小学校における日本語教育の導入については、在ベトナム日本大使館、在ホーチミン日本総領事館、国際交流基金ベトナム日本文化センターベトナム政府に協力する。
中国メディアの新浪網は日本の産経新聞を引用して同話題を伝えたが、記事中では「ベトナムの民衆の対日感情は概して良好」と書きながら、ベトナムで撮影したと思われる旧日本軍の写真を添え、「第二次世界大戦中、日本の植民が、ベトナムに200万人が死亡する飢饉をもたらした」と紹介した。

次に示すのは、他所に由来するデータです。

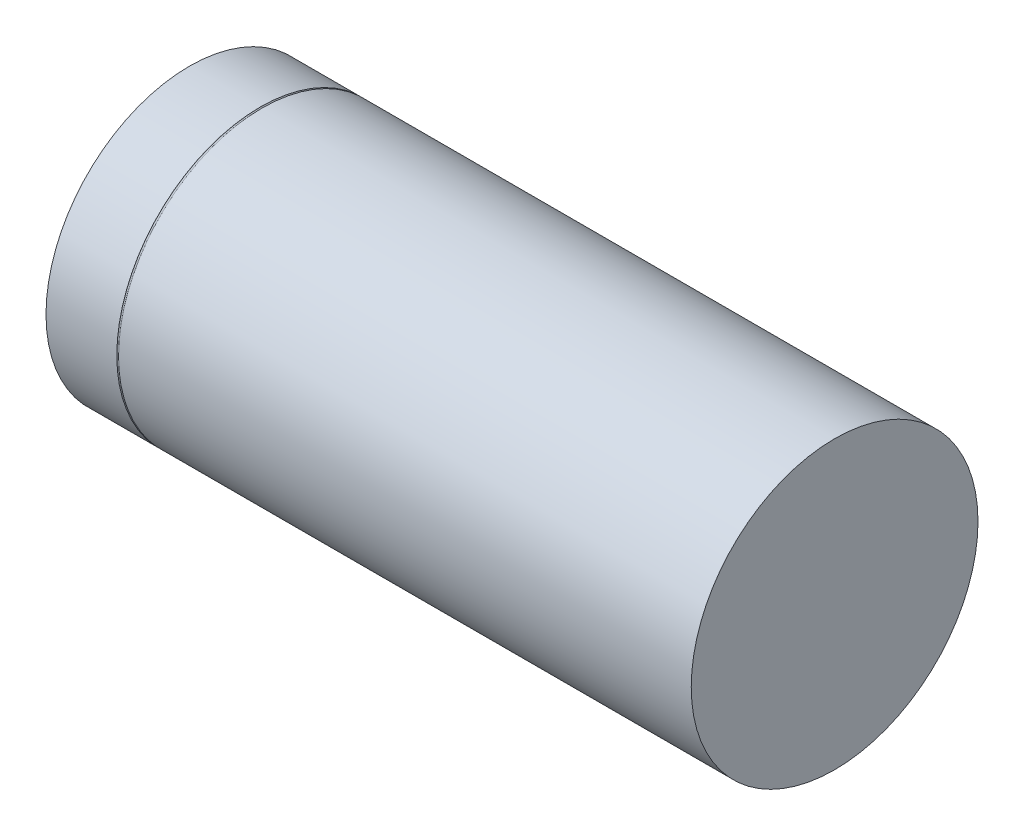
from build123d import *

# Parameters (mm, degrees)
SKETCH1_R           = 16
BOSS_EXTRUDE1_DEPTH = 72
SKETCH2_R           = 0.1


with BuildPart() as part:
    # Sketch1 → Boss-Extrude1 (new body)
    with BuildSketch(Plane(origin=(0, 0, 0), x_dir=(0, 0, -1), z_dir=(1, 0, 0))):
        Circle(SKETCH1_R)
    extrude(amount=BOSS_EXTRUDE1_DEPTH)

    # Sketch2 → Cut-Revolve1 (revolve, cut)
    with BuildSketch(Plane.XY, mode=Mode.PRIVATE) as cut_revolve1_sk:
        with Locations((8, 16)):
            Circle(SKETCH2_R)
    revolve(cut_revolve1_sk.sketch.rotate(Axis((72, 0, 0), (-1, 0, 0)), 90), axis=Axis((72, 0, 0), (-1, 0, 0)), mode=Mode.SUBTRACT)


solid = part.part
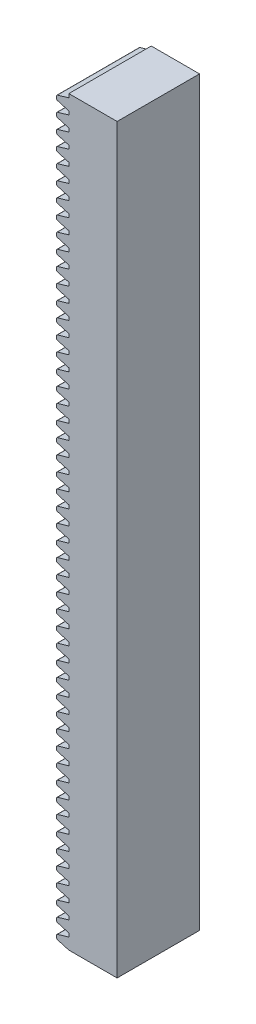
from build123d import *

# Parameters (mm, degrees)
BOSS_EXTRUDE1_DEPTH = 20
LPATTERN1_COUNT     = 50
LPATTERN1_PITCH     = 3.6


with BuildPart() as part:
    # Sketch1 → Boss-Extrude1 (new body)
    with BuildSketch(Plane.XY):
        with BuildLine():
            Line((15.069403078, -11.393413833), (12.321873519, -12.190605045))
            ThreePointArc((12.321873519, -12.190605045), (12.13955013, -12.316545974), (12.069403078, -12.5267419))
            Line((12.069403078, -12.5267419), (12.069403078, -13.000975962))
            ThreePointArc((12.069403078, -13.000975962), (12.13955013, -13.211171888), (12.321873519, -13.337112817))
            Line((12.321873519, -13.337112817), (15.021623573, -14.120440884))
            ThreePointArc((15.021623573, -14.120440884), (15.069898179, -14.130820911), (15.119153133, -14.134304029))
            Line((15.119153133, -14.134304029), (26.787248373, -14.134304029))
            Line((26.787248373, -14.134304029), (26.787248373, -10.493413833))
            Line((26.787248373, -10.493413833), (15.069403078, -10.493413833))
            Line((15.069403078, -10.493413833), (15.069403078, -11.393413833))
        make_face()
    boss_extrude1 = extrude(amount=BOSS_EXTRUDE1_DEPTH)

    # LPattern1: Boss-Extrude1 ×50
    with Locations(*[(0, i * LPATTERN1_PITCH, 0) for i in range(1, LPATTERN1_COUNT)]):
        add(boss_extrude1)


solid = part.part
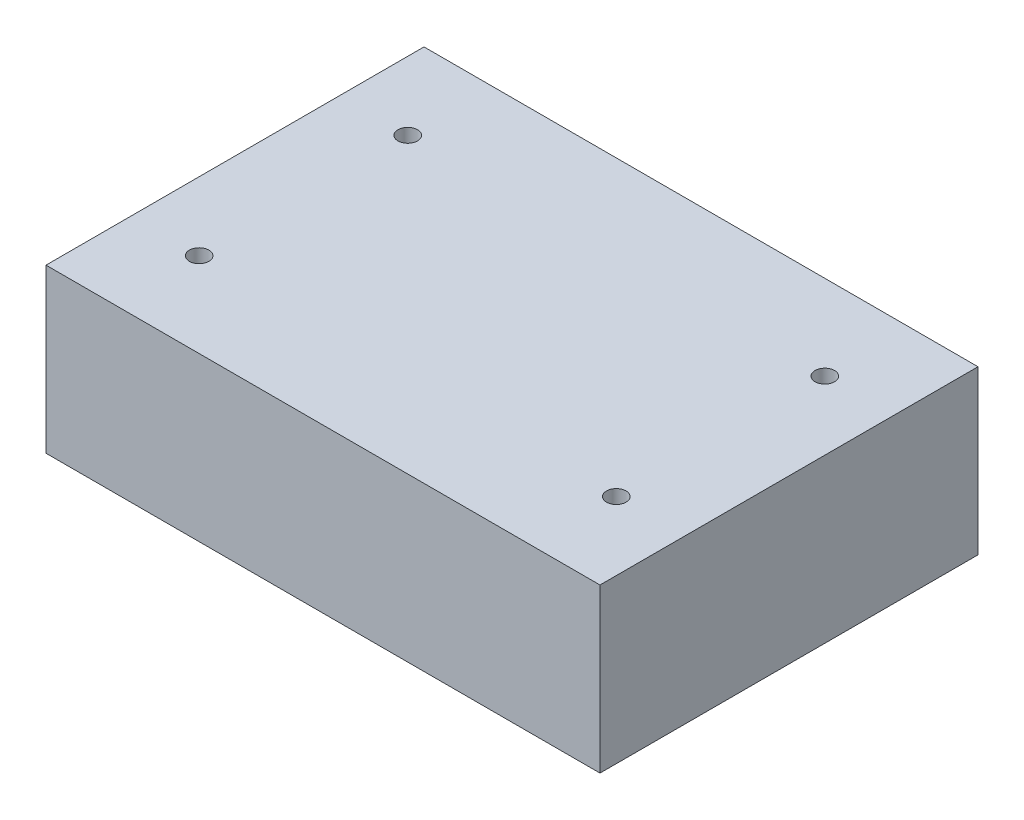
from build123d import *

# Parameters (mm, degrees)
SKETCH1_W           = 85
SKETCH1_H           = 58
SKETCH1_R           = 1.5
BOSS_EXTRUDE1_DEPTH = 25


with BuildPart() as part:
    # Sketch1 → Boss-Extrude1 (new body)
    with BuildSketch(Plane(origin=(0, 0, 0), x_dir=(1, 0, 0), z_dir=(0, 1, 0))):
        with Locations((42.5, 29)):
            Rectangle(SKETCH1_W, SKETCH1_H)
        with Locations(Location((10.5, 45, 0), (0, 0, 270))):
            Circle(SKETCH1_R, mode=Mode.SUBTRACT)
        with Locations(Location((74.5, 45, 0), (0, 0, 90))):
            Circle(SKETCH1_R, mode=Mode.SUBTRACT)
        with Locations(Location((74.5, 13, 0), (0, 0, 270))):
            Circle(SKETCH1_R, mode=Mode.SUBTRACT)
        with Locations(Location((10.5, 13, 0), (0, 0, 90))):
            Circle(SKETCH1_R, mode=Mode.SUBTRACT)
    extrude(amount=BOSS_EXTRUDE1_DEPTH)


solid = part.part
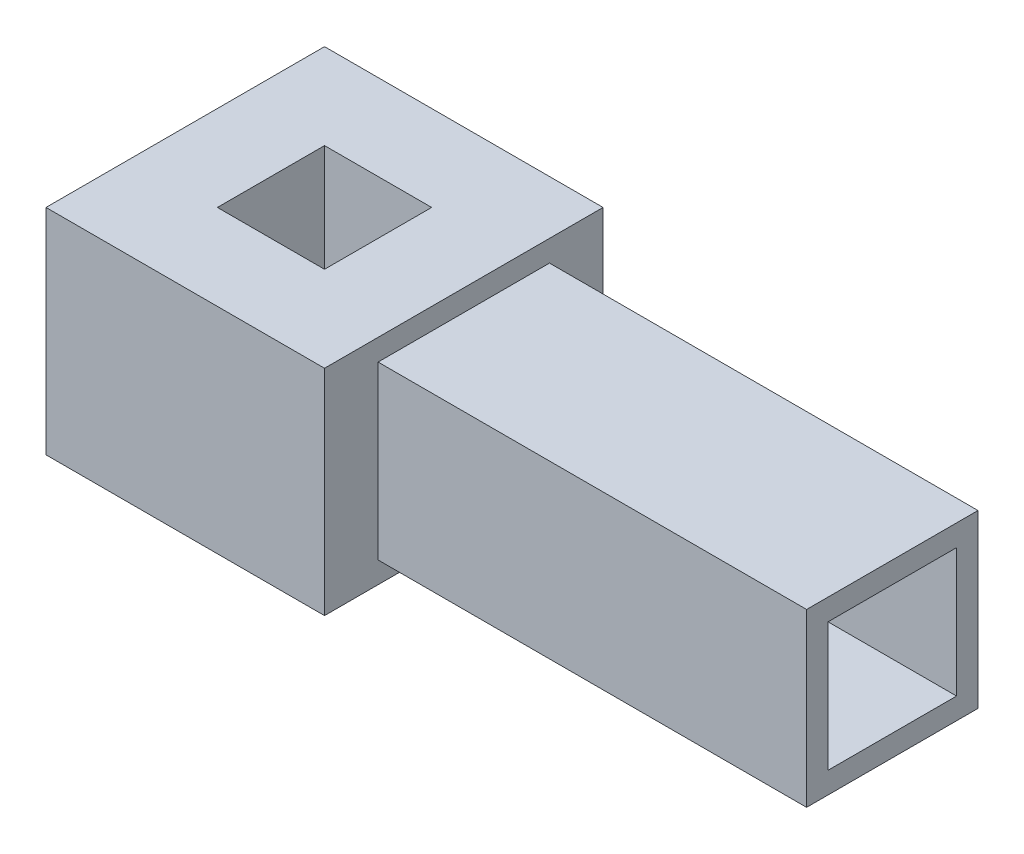
from build123d import *

# Parameters (mm, degrees)
SKETCH1_W           = 65
SKETCH1_H           = 65
SKETCH1_W_2         = 25
SKETCH1_H_2         = 25
BOSS_EXTRUDE1_DEPTH = 50
SKETCH2_W           = 40
SKETCH2_H           = 40
SKETCH2_W_2         = 30
SKETCH2_H_2         = 30
BOSS_EXTRUDE2_DEPTH = 100


with BuildPart() as part:
    # Sketch1 → Boss-Extrude1 (new body)
    with BuildSketch(Plane(origin=(0, 0, 0), x_dir=(1, 0, 0), z_dir=(0, 1, 0))):
        Rectangle(SKETCH1_W, SKETCH1_H)
        Rectangle(SKETCH1_W_2, SKETCH1_H_2, mode=Mode.SUBTRACT)
    extrude(amount=BOSS_EXTRUDE1_DEPTH)

    # Sketch2 → Boss-Extrude2 (add)
    with BuildSketch(Plane(origin=(32.5, 0, 0), x_dir=(0, 0, -1), z_dir=(1, 0, 0))):
        with Locations((0, 25)):
            Rectangle(SKETCH2_W, SKETCH2_H)
        with Locations((0, 25)):
            Rectangle(SKETCH2_W_2, SKETCH2_H_2, mode=Mode.SUBTRACT)
    extrude(amount=BOSS_EXTRUDE2_DEPTH)


solid = part.part
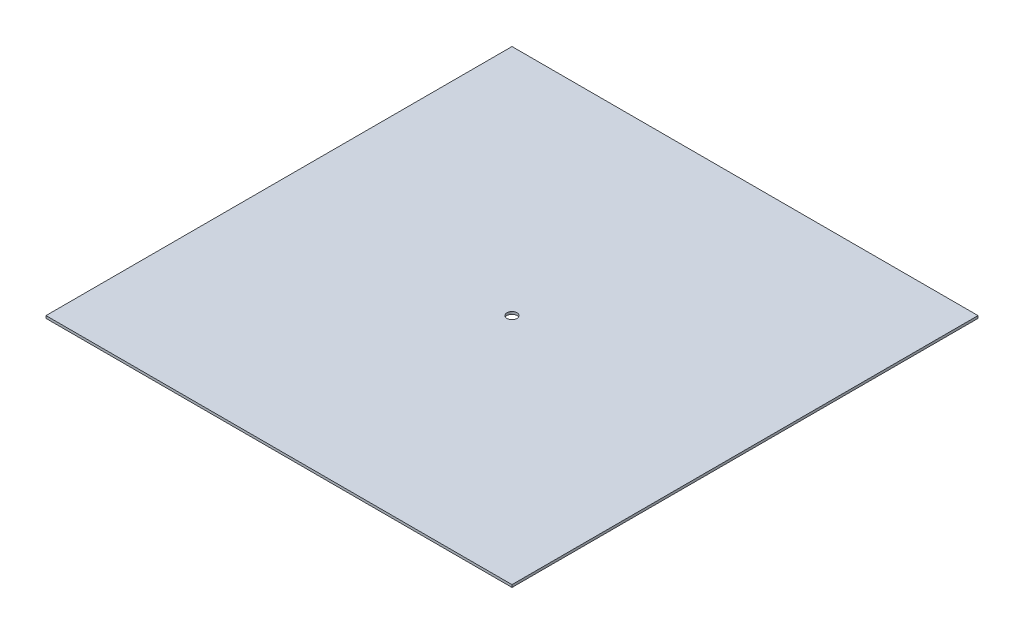
from build123d import *

# Parameters (mm, degrees)
SKETCH1_W               = 304.8
SKETCH1_H               = 304.8
BOSS_EXTRUDE1_DEPTH     = 1.6256
F_1_4_CLEARANCE_HOLE1_D = 6.5278


with BuildPart() as part:
    # Sketch1 → Boss-Extrude1 (new body)
    with BuildSketch(Plane(origin=(0, 0, 0), x_dir=(1, 0, 0), z_dir=(0, 1, 0))):
        Rectangle(SKETCH1_W, SKETCH1_H)
    extrude(amount=BOSS_EXTRUDE1_DEPTH)

    # 1/4 Clearance Hole1 (through all)
    with Locations(Plane(origin=(0, 1.6256, 0), x_dir=(1, 0, 0), z_dir=(0, 1, 0))):
        with Locations((0, 0)):
            Hole(F_1_4_CLEARANCE_HOLE1_D / 2)


solid = part.part

ネット民からは「ベトナムは日本の侵略を大喜びするんだ」、「賊」などののコメントが寄せられた。新浪網が掲載した写真に誘導された可能性も否定できない。一方で「彼らの間(日越)には領土問題がないからなあ」との指摘もある。
さらに「中国は労働コストが労働したので、多くの日本企業がベトナムやミャンマーに移転している」として「(ベトナムでは)日本語人材へ需要が増大した。だからこそ、こういう結果になった」と、経済状況の変化に注目した読者もいる。
ベトナムは第二次世界大戦終了までは、フランスの植民地だった関係で、フランス語を学ぶ人間が極めて多かった。社会主義国となってからは、ロシア語の学習者が圧倒的に多くなった。1990年後半からは、英語学習者が極めて多くなった。東南アジア諸国連合(ASEAN)の共通語である英語を学ぶよう、政府が奨励したことが大きなきっかけだったという。(編集担当:如月隼人)(写真は新浪網の2日付報道の画面キャプチャー)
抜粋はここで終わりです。